Non-performing loans
Commercial banks have indicated that the idea of cutting lending rates was still far from reality owing to the prevailing economic situation that has come with rising number of non-performing loans (NPLs) and uncertainty over expected economic recovery.
While MPC’s latest actions were meant to increase the availability of funds in the banking system, making the cost of credit affordable to the private sector and helping boost the economy, commercial banks have expressed reservations about passing on the benefits to the consumers.
Richard Etemesi, Standard Chartered Bank Kenya (SCBK’s) chief executive, argues that lending rates are determined by many factors apart from the cost of liquidity or the availability of liquidity. He said banks are particularly concerned about the likelihood of defaults and their own cost of funds. "Hopefully there should be a knock on effect on deposit rates and hence lending rates," he told Financial Journal.

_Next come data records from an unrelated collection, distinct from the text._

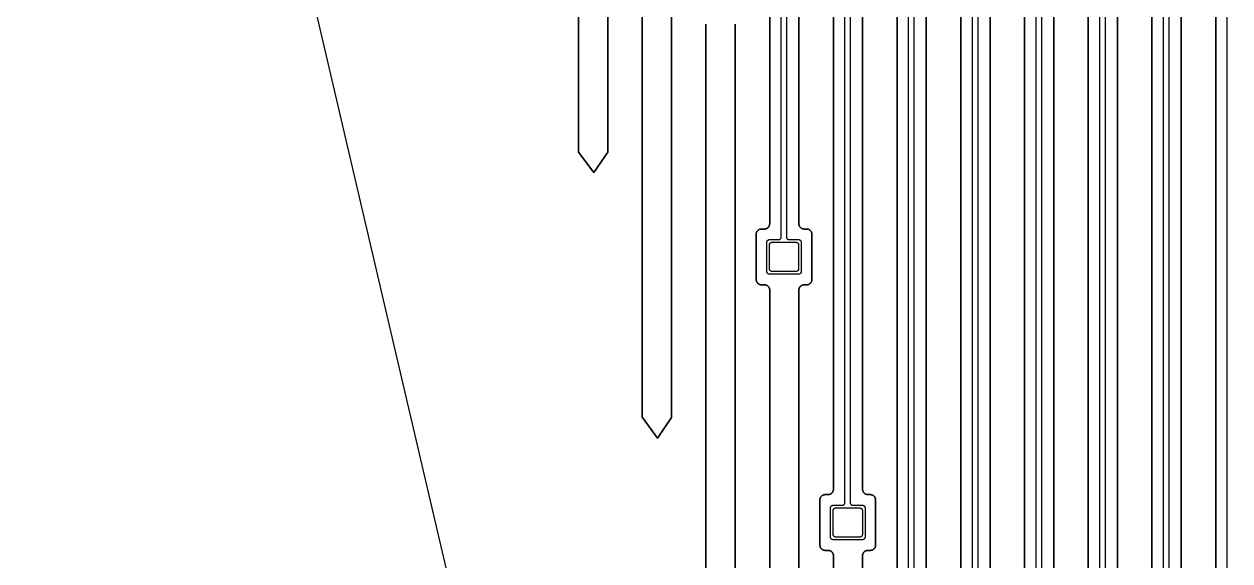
# Model space of a CAD drawing. Extents: x -2057 to 2225, y -44 to 31181.
# Drawn here: x -829.1 to -374.9, y 2865.3 to 3067.4 of the extents above; entities that cross this region are included whole.
import ezdxf

# ---------------------------------------------------------------- set-up
doc = ezdxf.new("R2010")
doc.units = 0
for name, color, linetype in [('electrode', 6, 'CONTINUOUS'), ('etching', 7, 'CONTINUOUS'), ('L2D0_etching2', 4, 'CONTINUOUS'), ('L3D0_etching3', 5, 'CONTINUOUS'), ('metalization', 8, 'CONTINUOUS'), ('polyimide', 9, 'CONTINUOUS'), ('polyimide_etch_borders', 10, 'CONTINUOUS')]:
    doc.layers.add(name, color=color, linetype=linetype)

msp = doc.modelspace()

# ---------------------------------------------------------------- linework, layer by layer
at = {"layer": 'electrode'}
for points in [[(-547.34, 2974.247), (-547.427, 2974.255), (-547.513, 2974.27), (-547.598, 2974.293), (-547.68, 2974.323), (-547.759, 2974.36), (-547.834, 2974.403), (-547.906, 2974.453), (-547.973, 2974.509), (-548.035, 2974.571), (-548.091, 2974.638), (-548.141, 2974.71), (-548.184, 2974.785), (-548.221, 2974.864), (-548.251, 2974.946), (-548.274, 2975.031), (-548.289, 2975.117), (-548.297, 2975.204), (-548.297, 2984.291), (-548.289, 2984.378), (-548.274, 2984.464), (-548.251, 2984.548), (-548.221, 2984.63), (-548.184, 2984.71), (-548.141, 2984.785), (-548.091, 2984.857), (-548.035, 2984.924), (-547.973, 2984.985), (-547.906, 2985.042), (-547.834, 2985.092), (-547.759, 2985.135), (-547.68, 2985.172), (-547.598, 2985.202), (-547.513, 2985.225), (-547.427, 2985.24), (-547.34, 2985.247), (-538.253, 2985.247), (-538.166, 2985.24), (-538.08, 2985.225), (-537.996, 2985.202), (-537.914, 2985.172), (-537.834, 2985.135), (-537.759, 2985.092), (-537.687, 2985.042), (-537.62, 2984.985), (-537.559, 2984.924), (-537.502, 2984.857), (-537.452, 2984.785), (-537.409, 2984.71), (-537.372, 2984.63), (-537.342, 2984.548), (-537.319, 2984.464), (-537.304, 2984.378), (-537.297, 2984.291), (-537.297, 2975.204), (-537.304, 2975.117), (-537.319, 2975.031), (-537.342, 2974.946), (-537.372, 2974.864), (-537.409, 2974.785), (-537.452, 2974.71), (-537.502, 2974.638), (-537.559, 2974.571), (-537.62, 2974.509), (-537.687, 2974.453), (-537.759, 2974.403), (-537.834, 2974.36), (-537.914, 2974.323), (-537.996, 2974.293), (-538.08, 2974.27), (-538.166, 2974.255), (-538.253, 2974.247)], [(-523.34, 2874.247), (-523.427, 2874.255), (-523.513, 2874.27), (-523.598, 2874.293), (-523.68, 2874.323), (-523.759, 2874.36), (-523.834, 2874.403), (-523.906, 2874.453), (-523.973, 2874.509), (-524.035, 2874.571), (-524.091, 2874.638), (-524.141, 2874.71), (-524.184, 2874.785), (-524.221, 2874.864), (-524.251, 2874.946), (-524.274, 2875.031), (-524.289, 2875.117), (-524.297, 2875.204), (-524.297, 2884.291), (-524.289, 2884.378), (-524.274, 2884.464), (-524.251, 2884.548), (-524.221, 2884.63), (-524.184, 2884.71), (-524.141, 2884.785), (-524.091, 2884.857), (-524.035, 2884.924), (-523.973, 2884.985), (-523.906, 2885.042), (-523.834, 2885.092), (-523.759, 2885.135), (-523.68, 2885.172), (-523.598, 2885.202), (-523.513, 2885.225), (-523.427, 2885.24), (-523.34, 2885.247), (-514.253, 2885.247), (-514.166, 2885.24), (-514.08, 2885.225), (-513.996, 2885.202), (-513.914, 2885.172), (-513.834, 2885.135), (-513.759, 2885.092), (-513.687, 2885.042), (-513.62, 2884.985), (-513.559, 2884.924), (-513.502, 2884.857), (-513.452, 2884.785), (-513.409, 2884.71), (-513.372, 2884.63), (-513.342, 2884.548), (-513.319, 2884.464), (-513.304, 2884.378), (-513.297, 2884.291), (-513.297, 2875.204), (-513.304, 2875.117), (-513.319, 2875.031), (-513.342, 2874.946), (-513.372, 2874.864), (-513.409, 2874.785), (-513.452, 2874.71), (-513.502, 2874.638), (-513.559, 2874.571), (-513.62, 2874.509), (-513.687, 2874.453), (-513.759, 2874.403), (-513.834, 2874.36), (-513.914, 2874.323), (-513.996, 2874.293), (-514.08, 2874.27), (-514.166, 2874.255), (-514.253, 2874.247)]]:
    msp.add_lwpolyline(points, close=True, dxfattribs=at)
at = {"layer": 'etching'}
for points in [[(1890.612, 20342.595), (1890.612, 10404.624), (907.37, 8971.06), (907.37, 3311.52), (208.395, -1.125), (80.82, -44.08), (0, 0), (-775.12, 3311.52), (-775.12, 8985.76), (-1736.396, 10397.27), (-1736.396, 20343.044)], [(-548.208, 9035.371), (-548.208, 2992.185), (-548.216, 2992.059), (-548.231, 2991.934), (-548.255, 2991.811), (-548.286, 2991.689), (-548.325, 2991.57), (-548.371, 2991.453), (-548.425, 2991.339), (-548.485, 2991.229), (-548.553, 2991.123), (-548.627, 2991.021), (-548.707, 2990.924), (-548.793, 2990.832), (-548.884, 2990.746), (-548.981, 2990.666), (-549.083, 2990.592), (-549.189, 2990.525), (-549.299, 2990.465), (-549.413, 2990.411), (-549.53, 2990.365), (-549.649, 2990.326), (-549.771, 2990.295), (-549.895, 2990.271), (-550.019, 2990.255), (-550.145, 2990.247), (-551.359, 2990.247), (-551.485, 2990.24), (-551.61, 2990.224), (-551.733, 2990.2), (-551.855, 2990.169), (-551.974, 2990.13), (-552.091, 2990.084), (-552.205, 2990.03), (-552.315, 2989.97), (-552.421, 2989.902), (-552.523, 2989.828), (-552.62, 2989.748), (-552.712, 2989.662), (-552.798, 2989.571), (-552.878, 2989.474), (-552.952, 2989.372), (-553.019, 2989.266), (-553.079, 2989.156), (-553.133, 2989.042), (-553.179, 2988.925), (-553.218, 2988.806), (-553.249, 2988.684), (-553.273, 2988.56), (-553.289, 2988.436), (-553.297, 2988.31), (-553.297, 2971.185), (-553.289, 2971.059), (-553.273, 2970.934), (-553.249, 2970.811), (-553.218, 2970.689), (-553.179, 2970.57), (-553.133, 2970.453), (-553.079, 2970.339), (-553.019, 2970.229), (-552.952, 2970.123), (-552.878, 2970.021), (-552.798, 2969.924), (-552.712, 2969.832), (-552.62, 2969.746), (-552.523, 2969.666), (-552.421, 2969.592), (-552.315, 2969.525), (-552.205, 2969.465), (-552.091, 2969.411), (-551.974, 2969.365), (-551.855, 2969.326), (-551.733, 2969.295), (-551.61, 2969.271), (-551.485, 2969.255), (-551.359, 2969.247), (-550.145, 2969.247), (-550.019, 2969.24), (-549.895, 2969.224), (-549.771, 2969.2), (-549.649, 2969.169), (-549.53, 2969.13), (-549.413, 2969.084), (-549.299, 2969.03), (-549.189, 2968.97), (-549.083, 2968.902), (-548.981, 2968.828), (-548.884, 2968.748), (-548.793, 2968.662), (-548.707, 2968.571), (-548.627, 2968.474), (-548.553, 2968.372), (-548.485, 2968.266), (-548.425, 2968.156), (-548.371, 2968.042), (-548.325, 2967.925), (-548.286, 2967.806), (-548.255, 2967.684), (-548.231, 2967.56), (-548.216, 2967.436), (-548.208, 2967.31), (-548.208, 2719.247)], [(-537.208, 2719.247), (-537.208, 2967.31), (-537.2, 2967.436), (-537.184, 2967.56), (-537.16, 2967.684), (-537.129, 2967.806), (-537.09, 2967.925), (-537.044, 2968.042), (-536.991, 2968.156), (-536.93, 2968.266), (-536.863, 2968.372), (-536.789, 2968.474), (-536.709, 2968.571), (-536.623, 2968.662), (-536.531, 2968.748), (-536.434, 2968.828), (-536.332, 2968.902), (-536.226, 2968.97), (-536.116, 2969.03), (-536.002, 2969.084), (-535.886, 2969.13), (-535.766, 2969.169), (-535.644, 2969.2), (-535.521, 2969.224), (-535.396, 2969.24), (-535.271, 2969.247), (-534.234, 2969.247), (-534.108, 2969.255), (-533.984, 2969.271), (-533.86, 2969.295), (-533.738, 2969.326), (-533.619, 2969.365), (-533.502, 2969.411), (-533.388, 2969.465), (-533.278, 2969.525), (-533.172, 2969.592), (-533.07, 2969.666), (-532.973, 2969.746), (-532.882, 2969.832), (-532.796, 2969.924), (-532.716, 2970.021), (-532.642, 2970.123), (-532.574, 2970.229), (-532.514, 2970.339), (-532.46, 2970.453), (-532.414, 2970.57), (-532.375, 2970.689), (-532.344, 2970.811), (-532.32, 2970.934), (-532.304, 2971.059), (-532.297, 2971.185), (-532.297, 2988.31), (-532.304, 2988.436), (-532.32, 2988.56), (-532.344, 2988.684), (-532.375, 2988.806), (-532.414, 2988.925), (-532.46, 2989.042), (-532.514, 2989.156), (-532.574, 2989.266), (-532.642, 2989.372), (-532.716, 2989.474), (-532.796, 2989.571), (-532.882, 2989.662), (-532.973, 2989.748), (-533.07, 2989.828), (-533.172, 2989.902), (-533.278, 2989.97), (-533.388, 2990.03), (-533.502, 2990.084), (-533.619, 2990.13), (-533.738, 2990.169), (-533.86, 2990.2), (-533.984, 2990.224), (-534.108, 2990.24), (-534.234, 2990.247), (-535.271, 2990.247), (-535.396, 2990.255), (-535.521, 2990.271), (-535.644, 2990.295), (-535.766, 2990.326), (-535.886, 2990.365), (-536.002, 2990.411), (-536.116, 2990.465), (-536.226, 2990.525), (-536.332, 2990.592), (-536.434, 2990.666), (-536.531, 2990.746), (-536.623, 2990.832), (-536.709, 2990.924), (-536.789, 2991.021), (-536.863, 2991.123), (-536.93, 2991.229), (-536.991, 2991.339), (-537.044, 2991.453), (-537.09, 2991.57), (-537.129, 2991.689), (-537.16, 2991.811), (-537.184, 2991.934), (-537.2, 2992.059), (-537.208, 2992.185), (-537.208, 9035.377)], [(-524.208, 9035.371), (-524.208, 2892.185), (-524.216, 2892.059), (-524.231, 2891.934), (-524.255, 2891.811), (-524.286, 2891.689), (-524.325, 2891.57), (-524.371, 2891.453), (-524.425, 2891.339), (-524.485, 2891.229), (-524.553, 2891.123), (-524.627, 2891.021), (-524.707, 2890.924), (-524.793, 2890.832), (-524.884, 2890.746), (-524.981, 2890.666), (-525.083, 2890.592), (-525.189, 2890.525), (-525.299, 2890.465), (-525.413, 2890.411), (-525.53, 2890.365), (-525.649, 2890.326), (-525.771, 2890.295), (-525.895, 2890.271), (-526.019, 2890.255), (-526.145, 2890.247), (-527.359, 2890.247), (-527.485, 2890.24), (-527.61, 2890.224), (-527.733, 2890.2), (-527.855, 2890.169), (-527.974, 2890.13), (-528.091, 2890.084), (-528.205, 2890.03), (-528.315, 2889.97), (-528.421, 2889.902), (-528.523, 2889.828), (-528.62, 2889.748), (-528.712, 2889.662), (-528.798, 2889.571), (-528.878, 2889.474), (-528.952, 2889.372), (-529.019, 2889.266), (-529.079, 2889.156), (-529.133, 2889.042), (-529.179, 2888.925), (-529.218, 2888.806), (-529.249, 2888.684), (-529.273, 2888.56), (-529.289, 2888.436), (-529.297, 2888.31), (-529.297, 2871.185), (-529.289, 2871.059), (-529.273, 2870.934), (-529.249, 2870.811), (-529.218, 2870.689), (-529.179, 2870.57), (-529.133, 2870.453), (-529.079, 2870.339), (-529.019, 2870.229), (-528.952, 2870.123), (-528.878, 2870.021), (-528.798, 2869.924), (-528.712, 2869.832), (-528.62, 2869.746), (-528.523, 2869.666), (-528.421, 2869.592), (-528.315, 2869.525), (-528.205, 2869.465), (-528.091, 2869.411), (-527.974, 2869.365), (-527.855, 2869.326), (-527.733, 2869.295), (-527.61, 2869.271), (-527.485, 2869.255), (-527.359, 2869.247), (-526.145, 2869.247), (-526.019, 2869.24), (-525.895, 2869.224), (-525.771, 2869.2), (-525.649, 2869.169), (-525.53, 2869.13), (-525.413, 2869.084), (-525.299, 2869.03), (-525.189, 2868.97), (-525.083, 2868.902), (-524.981, 2868.828), (-524.884, 2868.748), (-524.793, 2868.662), (-524.707, 2868.571), (-524.627, 2868.474), (-524.553, 2868.372), (-524.485, 2868.266), (-524.425, 2868.156), (-524.371, 2868.042), (-524.325, 2867.925), (-524.286, 2867.806), (-524.255, 2867.684), (-524.231, 2867.56), (-524.216, 2867.436), (-524.208, 2867.31), (-524.208, 2619.247)], [(-513.208, 2619.247), (-513.208, 2867.31), (-513.2, 2867.436), (-513.184, 2867.56), (-513.16, 2867.684), (-513.129, 2867.806), (-513.09, 2867.925), (-513.044, 2868.042), (-512.991, 2868.156), (-512.93, 2868.266), (-512.863, 2868.372), (-512.789, 2868.474), (-512.709, 2868.571), (-512.623, 2868.662), (-512.531, 2868.748), (-512.434, 2868.828), (-512.332, 2868.902), (-512.226, 2868.97), (-512.116, 2869.03), (-512.002, 2869.084), (-511.886, 2869.13), (-511.766, 2869.169), (-511.644, 2869.2), (-511.521, 2869.224), (-511.396, 2869.24), (-511.271, 2869.247), (-510.234, 2869.247), (-510.108, 2869.255), (-509.984, 2869.271), (-509.86, 2869.295), (-509.738, 2869.326), (-509.619, 2869.365), (-509.502, 2869.411), (-509.388, 2869.465), (-509.278, 2869.525), (-509.172, 2869.592), (-509.07, 2869.666), (-508.973, 2869.746), (-508.882, 2869.832), (-508.796, 2869.924), (-508.716, 2870.021), (-508.642, 2870.123), (-508.574, 2870.229), (-508.514, 2870.339), (-508.46, 2870.453), (-508.414, 2870.57), (-508.375, 2870.689), (-508.344, 2870.811), (-508.32, 2870.934), (-508.304, 2871.059), (-508.297, 2871.185), (-508.297, 2888.31), (-508.304, 2888.436), (-508.32, 2888.56), (-508.344, 2888.684), (-508.375, 2888.806), (-508.414, 2888.925), (-508.46, 2889.042), (-508.514, 2889.156), (-508.574, 2889.266), (-508.642, 2889.372), (-508.716, 2889.474), (-508.796, 2889.571), (-508.882, 2889.662), (-508.973, 2889.748), (-509.07, 2889.828), (-509.172, 2889.902), (-509.278, 2889.97), (-509.388, 2890.03), (-509.502, 2890.084), (-509.619, 2890.13), (-509.738, 2890.169), (-509.86, 2890.2), (-509.984, 2890.224), (-510.108, 2890.24), (-510.234, 2890.247), (-511.271, 2890.247), (-511.396, 2890.255), (-511.521, 2890.271), (-511.644, 2890.295), (-511.766, 2890.326), (-511.886, 2890.365), (-512.002, 2890.411), (-512.116, 2890.465), (-512.226, 2890.525), (-512.332, 2890.592), (-512.434, 2890.666), (-512.531, 2890.746), (-512.623, 2890.832), (-512.709, 2890.924), (-512.789, 2891.021), (-512.863, 2891.123), (-512.93, 2891.229), (-512.991, 2891.339), (-513.044, 2891.453), (-513.09, 2891.57), (-513.129, 2891.689), (-513.16, 2891.811), (-513.184, 2891.934), (-513.2, 2892.059), (-513.208, 2892.185), (-513.208, 9035.377)], [(-500.208, 9035.371), (-500.208, 2792.185)], [(-489.208, 2792.185), (-489.208, 9035.377)], [(-476.208, 9035.371), (-476.208, 2692.185)], [(-465.208, 2692.185), (-465.208, 9035.377)], [(-452.208, 9035.371), (-452.208, 2592.185)], [(-441.208, 2592.185), (-441.208, 9035.377)], [(-428.208, 9035.371), (-428.208, 2492.185)], [(-417.208, 2492.185), (-417.208, 9035.377)], [(-404.208, 9035.371), (-404.208, 2392.185)], [(-393.208, 2392.185), (-393.208, 9035.377)], [(-380.208, 9035.371), (-380.208, 2292.185)], [(-620.208, 3267.31), (-620.208, 3019.247), (-620.17, 3019.247), (-614.49, 3011.52), (-609.208, 3019.247), (-609.208, 3267.31)], [(-596.208, 3167.31), (-596.208, 2919.247), (-596.17, 2919.247), (-590.49, 2911.52), (-585.208, 2919.247), (-585.208, 3167.31)], [(-572.216, 3067.436), (-572.208, 3067.31), (-572.208, 2819.247)], [(-561.208, 2819.247), (-561.208, 3067.31), (-561.2, 3067.436)]]:
    msp.add_lwpolyline(points, dxfattribs=at)
at = {"layer": 'L2D0_etching2'}
msp.add_lwpolyline([(1890.612, 20342.595), (1890.612, 10404.624), (907.37, 8971.06), (907.37, 3311.52), (208.395, -1.125), (80.82, -44.08), (0, 0), (-775.12, 3311.52), (-775.12, 8985.76), (-1736.396, 10397.27), (-1736.396, 20343.044)], dxfattribs=at)
at = {"layer": 'L3D0_etching3'}
for points in [[(1890.612, 20342.595), (1890.612, 10404.624), (907.37, 8971.06), (907.37, 3311.52), (208.395, -1.125), (80.82, -44.08), (0, 0), (-775.12, 3311.52), (-775.12, 8985.76), (-1736.396, 10397.27), (-1736.396, 20343.044)], [(-548.208, 9035.371), (-548.208, 2992.185), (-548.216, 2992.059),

Etemesi says that while banks could be willing to respond to MPC overtures by making credit available, many businesses are reluctant to commit to borrowing because of the current economic and politic uncertainty. This has resulted in low demand for loans and cash advances.
"What is required is a concerted effort to stimulate demand, especially through government spending which in turn will create a need for financing from banks," he said.
According to Etemesi, the banking industry witnessed healthy demand for consumer and household credit a few years ago, due to vibrant economy and a positive outlook.
The post election crisis and the global economic crisis however reversed the trend making it difficult for many individuals and businesses to service their debt obligations.
But Etemesi contends the sector has sufficient capital to absorb the increases in non- performing loans, judging from past experiences when at one point they exceeded the 40-50 per cent threshold.
Most of the CEOs who spoke to FJ said they preferred investing the excess money in corporate bonds or government securities to help check the growing levels of loan defaulters.
"I don’t think these actions will lower lending rates. To us the rates are determined by the demand and supply of funds. The deposit rates have not come down," said another CEO who did not want to be named.
In refusing to pass on benefits to consumers, bankers argue that quality of their assets have deteriorated over the past year due to a number of factors. These include delayed VAT refunds by the Kenya Revenue Authority (KRA), inflationary pressures, increased competition for deposits and the post election violence that affected key sectors such as tourism, manufacturing, agriculture, transport.
"Our margins are getting squeezed because of competition. Therefore, lowering of interest rates may not happen across the board but selectively," said an industry player.